# Hobby farms or dove fanciers in the Montreal area? (rehoming ringneck doves)



## mattie (Feb 21, 2020)

Hello!
I mentioned in the comments to my previous post that although I am moving from Montreal to BC, my three ringneck doves will be staying here in Montreal. It was a tough decision to come to, and I am still incredibly heartbroken about leaving my babies behind, but my feelings don't really matter and I would much rather be 100% certain that the birdies are safe and stress-free, rather than subjecting them to the many variables of moving such a long distance just to stop me from being sad. 
That being said, I am looking for someone in the Montreal area who loves doves, and has the space and resources to care for (ideally!) all three of them.

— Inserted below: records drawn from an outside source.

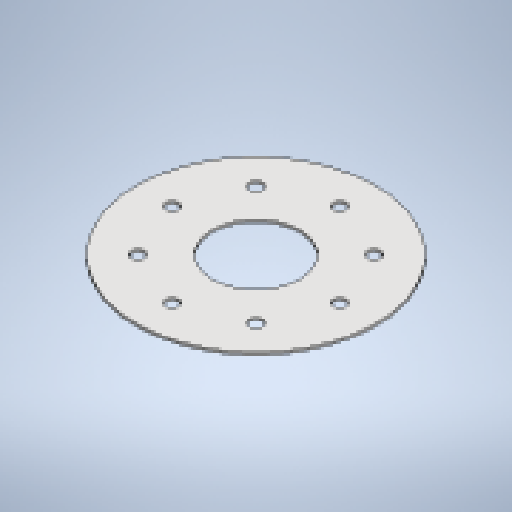
# Autodesk Inventor part: TKS 3109 top DS main flange
Saved by Autodesk Inventor 2025.3 (Build 293356030, 356C)
## iProperties
Created: 2024-12-09
Part Number: TKS 3109 top DS main flange
Material: Stainless Steel
Document SubType Name: Sheet Metal
Designer: user
Mass: 3269.02 g
Surface Area: 1007.63 cm^2
Volume: 408.627 cm^3
Density: 8 g/cm^3
Flat Pattern Width: 32 cm
Flat Pattern Length: 32 cm
Flat Pattern Area: 1024 cm^2
Sheet Metal Rule: AISI304 3mm Die 32
Sheet Metal Width: 320,000 mm
Sheet Metal Length: 320,000 mm
Sheet Metal Area: 102400,000 mm^2
Appearance: Default
Author: user
Autodesk Inventor part; units mm, degrees
ref_plane "YZ Plane" through (0, 0, 0) normal (1, 0, 0) x (0, 1, 0)
ref_plane "XZ Plane" through (0, 0, 0) normal (0, 1, 0) x (-1, 0, 0)
ref_plane "XY Plane" through (0, 0, 0) normal (0, 0, 1) x (1, 0, 0)
sketch "Sketch1" plane through (0, 0, 0) normal (0, 0, 1) x (1, 0, 0)
  circle A0 centre (0, 0) radius 72.5
  circle A1 centre (0, 0) radius 160
  dimension "d22" = 145
  dimension "d23" = 320
  measures "d22" diameter of A0
  measures "d23" diameter of A1
extrude "Plate1" add sketch "Sketch1" along normal blind 4
sketch "Sketch5" plane through (0, 0, 4) normal (0, 0, 1) x (1, 0, 0)
  circle A0 centre (0, 140) radius 11
  circle A1 centre (0, 0) radius 140 construction
  circle A2 centre (0, 0) radius 190 construction
  circle A3 centre (0, 190) radius 6.5
  dimension "d25" = 280
  dimension "d32" = 380
  dimension "d24" = 22
  dimension "d31" = 13
  constraints: 4 vertical alignment, 2 centre point, 2 coincident, 4 other
  measures "d24" diameter of A0
  measures "d31" diameter of A3
extrude "Cut1" cut sketch "Sketch5" against normal blind 4 contours A0
pattern_circular "Circular Pattern1" count 8 over 360 about axis through (0, 0, 0) along (0, 0, 1) of "Cut1"
equation "\"d26\" = Thickness"
equation "\"d2\" = Thickness"
equation "\"BendReliefWidth\" = Thickness"
equation "\"BendReliefDepth\" = 0.5 * Thickness"
equation "\"CornerReliefSize\" = 4 * Thickness"
equation "\"MinimumRemnant\" = 2 * Thickness"
equation "\"TransitionRadius\" = BendRadius"
equation "\"JacobiRadiusSize\" = BendRadius"
equation "\"GapSize\" = Thickness"
equation "\"Thickness\" = 4"
equation "\"BendRadius\" = 5"
body "Solid1"
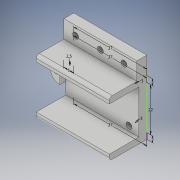
# Autodesk Inventor part: motor_grip_R
Saved by Autodesk Inventor 2019 (Build 230136000, 136)
## iProperties
Created: 2019-04-06
Part Number: motor_grip_R
Material: Ogólny
Document SubType Name: Modeling
Designer: terg
Density: 1 g/cm^3
Appearance: Domyślna
Author: terg
Autodesk Inventor part; units mm, degrees
ref_plane "YZ Plane" through (0, 0, 0) normal (1, 0, 0) x (0, 1, 0)
ref_plane "XZ Plane" through (0, 0, 0) normal (0, 1, 0) x (-1, 0, 0)
ref_plane "XY Plane" through (0, 0, 0) normal (0, 0, 1) x (1, 0, 0)
sketch "Szkic1" plane through (0, 0, 0) normal (0, 0, 1) x (1, 0, 0)
  line L0 (0, 0) -> (37, 0)
  line L1 (37, 0) -> (37, 22)
  line L2 (37, 22) -> (0, 22)
  line L3 (0, 11) -> (-5, 11) construction
  circle A0 centre (-2, 11) radius 1.25
  arc A1 (0, 16) -> (0, 6) centre (0, 11) ccw
  line L4 (37, 22) -> (32, 22) construction
  line L5 (37, 22) -> (37, 19.5) construction
  circle A2 centre (32, 19.5) radius 1.5
  line L6 (37, 0) -> (32, 0) construction
  line L7 (32, 0) -> (32, 2.5) construction
  circle A3 centre (32, 2.5) radius 1.5
  line L8 (0, 22) -> (37, 22)
  line L9 (37, 22) -> (37, 25)
  line L10 (37, 25) -> (0, 25)
  line L11 (0, 25) -> (0, 22)
  line L12 (0, 0) -> (37, 0)
  line L13 (37, 0) -> (37, -3)
  line L14 (37, -3) -> (0, -3)
  line L15 (0, -3) -> (0, 0)
  line L16 (0, 22) -> (0, 16)
  line L17 (0, 6) -> (0, 0)
  dimension "d0" = 37
  dimension "d1" = 22
  dimension "d2" = 5
  dimension "d3" = 2.5
  dimension "d7" = 3
  dimension "d10" = 3
  dimension "d11" = 37
  dimension "d12" = 3
  dimension "d13" = 37
  dimension "d14" = 3
  constraints: 36 end point, 6 equal length, 4 centre point, 4 coincident, 4 horizontal, 4 perpendicular, 4 point on line, 3 point on circle, 1 vertical
  measures "d0" distance of L2.end L1.end
  measures "d1" distance of L1.end L0.end
  measures "d2" distance of L3.start L3.end
  measures "d3" diameter of A0
  measures "d7" diameter of A2
  measures "d10" diameter of A3
  measures "d11" distance of L10.end L9.end
  measures "d12" distance of L9.end L8.end
  measures "d13" distance of L13.end L14.end
  measures "d14" distance of L12.end L13.end
extrude "Wyciągnięcie proste1" add sketch "Szkic1" along normal blind 4 contours L17 A1 L16 L2 L1 L0
sketch "Szkic2" plane through (0, 0, 4) normal (0, 0, 1) x (1, 0, 0)
  circle A0 centre (-2, 11) radius 1.25 projected
  arc A1 (0, 16) -> (0, 6) centre (0, 11) ccw projected
  line L0 (0, 6) -> (0, 0) projected
  line L1 (0, 16) -> (0, 6)
  constraints: 2 end point, 1 vertical
extrude "Wyciągnięcie proste2" add sketch "Szkic2" along normal blind 3
extrude "Wyciągnięcie proste3" add sketch "Szkic1" along normal blind 19 contours L0 L13 L14 L15
extrude "Wyciągnięcie proste4" add sketch "Szkic1" along normal blind 19 contours L2 L11 L10 L9
fillet "Zaokrąglenie2" radius 1.5 1 edges at (18.5, 25, 19)
fillet "Zaokrąglenie3" radius 1.5 1 edges at (18.5, -3, 19)
sketch "Szkic3" plane through (0, 25, 0) normal (0, 1, 0) x (1, 0, 0)
  line L0 (37, -17.5) -> (0, -17.5) projected
  line L1 (37, 0) -> (37, -17.5) projected
  line L2 (37, 0) -> (0, 0) projected
  line L3 (0, 0) -> (0, -17.5) projected
  line L4 (-5, 0) -> (0, 0) projected
  line L5 (0, 0) -> (37, 0)
  line L6 (37, 0) -> (37, -5)
  line L7 (37, -5) -> (0, -5)
  line L8 (0, -5) -> (0, 0)
  dimension "d26" = 37
  dimension "d27" = 5
  constraints: 8 end point, 2 parallel, 1 horizontal, 1 perpendicular
  measures "d26" distance of L6.end L7.end
  measures "d27" distance of L5.end L6.end
extrude "Wyciągnięcie proste5" add sketch "Szkic3" along normal blind 9 contours L7 L3 L2 L1
sketch "Szkic4" plane through (0, 25, 5) normal (0, 0, 1) x (1, 0, 0)
  line L0 (0, 9) -> (0, 0)
  line L1 (0, 0) -> (0, 4.5)
  line L2 (37, 0) -> (37, 9) projected
  circle A0 centre (6, 4.5) radius 1.5
  circle A1 centre (18.5, 4.5) radius 1.5
  circle A2 centre (30.5, 4.5) radius 1.5
  point P0 (0, -25)
  dimension "d30" = 3
  dimension "d31" = 3
  dimension "d32" = 3
  constraints: 4 coincident, 4 end point, 3 centre point, 1 midpoint, 1 vertical
  measures "d30" diameter of A0
  measures "d31" diameter of A1
  measures "d32" diameter of A2
extrude "Wyciągnięcie proste6" cut sketch "Szkic4" against normal blind 9
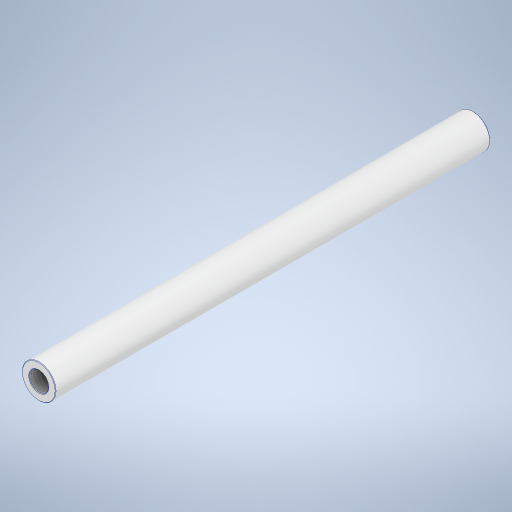
# Autodesk Inventor part: M4 85mm Standoff
Saved by Autodesk Inventor 2024 (Build 280153000, 153)
## iProperties
Created: 2024-12-26
Part Number: M4 85mm Standoff
Material: Aluminum 6061
Document SubType Name: Modeling
Designer: Ishaan
Density: 2.7 g/cm^3
Appearance: Aluminum - Flat
Author: Ishaan
Autodesk Inventor part; units mm, degrees
ref_plane "YZ Plane" through (0, 0, 0) normal (1, 0, 0) x (0, 1, 0)
ref_plane "XZ Plane" through (0, 0, 0) normal (0, 1, 0) x (-1, 0, 0)
ref_plane "XY Plane" through (0, 0, 0) normal (0, 0, 1) x (1, 0, 0)
sketch "Sketch1" plane through (0, 0, 0) normal (0, 0, 1) x (1, 0, 0)
  circle A0 centre (0, 0) radius 3.5
  circle A1 centre (0, 0) radius 2
  dimension "d0" = 7
  dimension "d1" = 4
  constraints: 2 centre point, 2 coincident
  measures "d0" diameter of A0
  measures "d1" diameter of A1
extrude "Extrusion1" add sketch "Sketch1" along normal mid plane 90
thread "Thread1" size "M4x0.7" class "6H" standard "ANSI Metric M Profile" length 10
thread "Thread2" size "M4x0.7" class "6H" standard "ANSI Metric M Profile" length 10
chamfer "Chamfer1" distance 0.1 angle 45 4 edges at (-3.5, 0, 45) (-2, 0, 45) (-2, 0, -45) (-3.5, 0, -45)
body "Solid1"

I have a mated pair (who should obviously stay together) and their single offspring (the little one would probably be fine off on their own). I am unsure of the sex of the baby. 
Does any one have any leads on anything like this in the Montreal area? 
Thank you so much!!! <3


----------



## Marina B (May 5, 2011)

There's a group on Facebook: Canada's Pigeon and Dove Rescue Adoption and Appreciation group where you can post. Honestly, if you can't have them adopted then just take them with.


----------



## mattie (Feb 21, 2020)

Thank you for the facebook group, but there are actually multiple reasons that I can't and/or don't feel comfortable "taking them with".


----------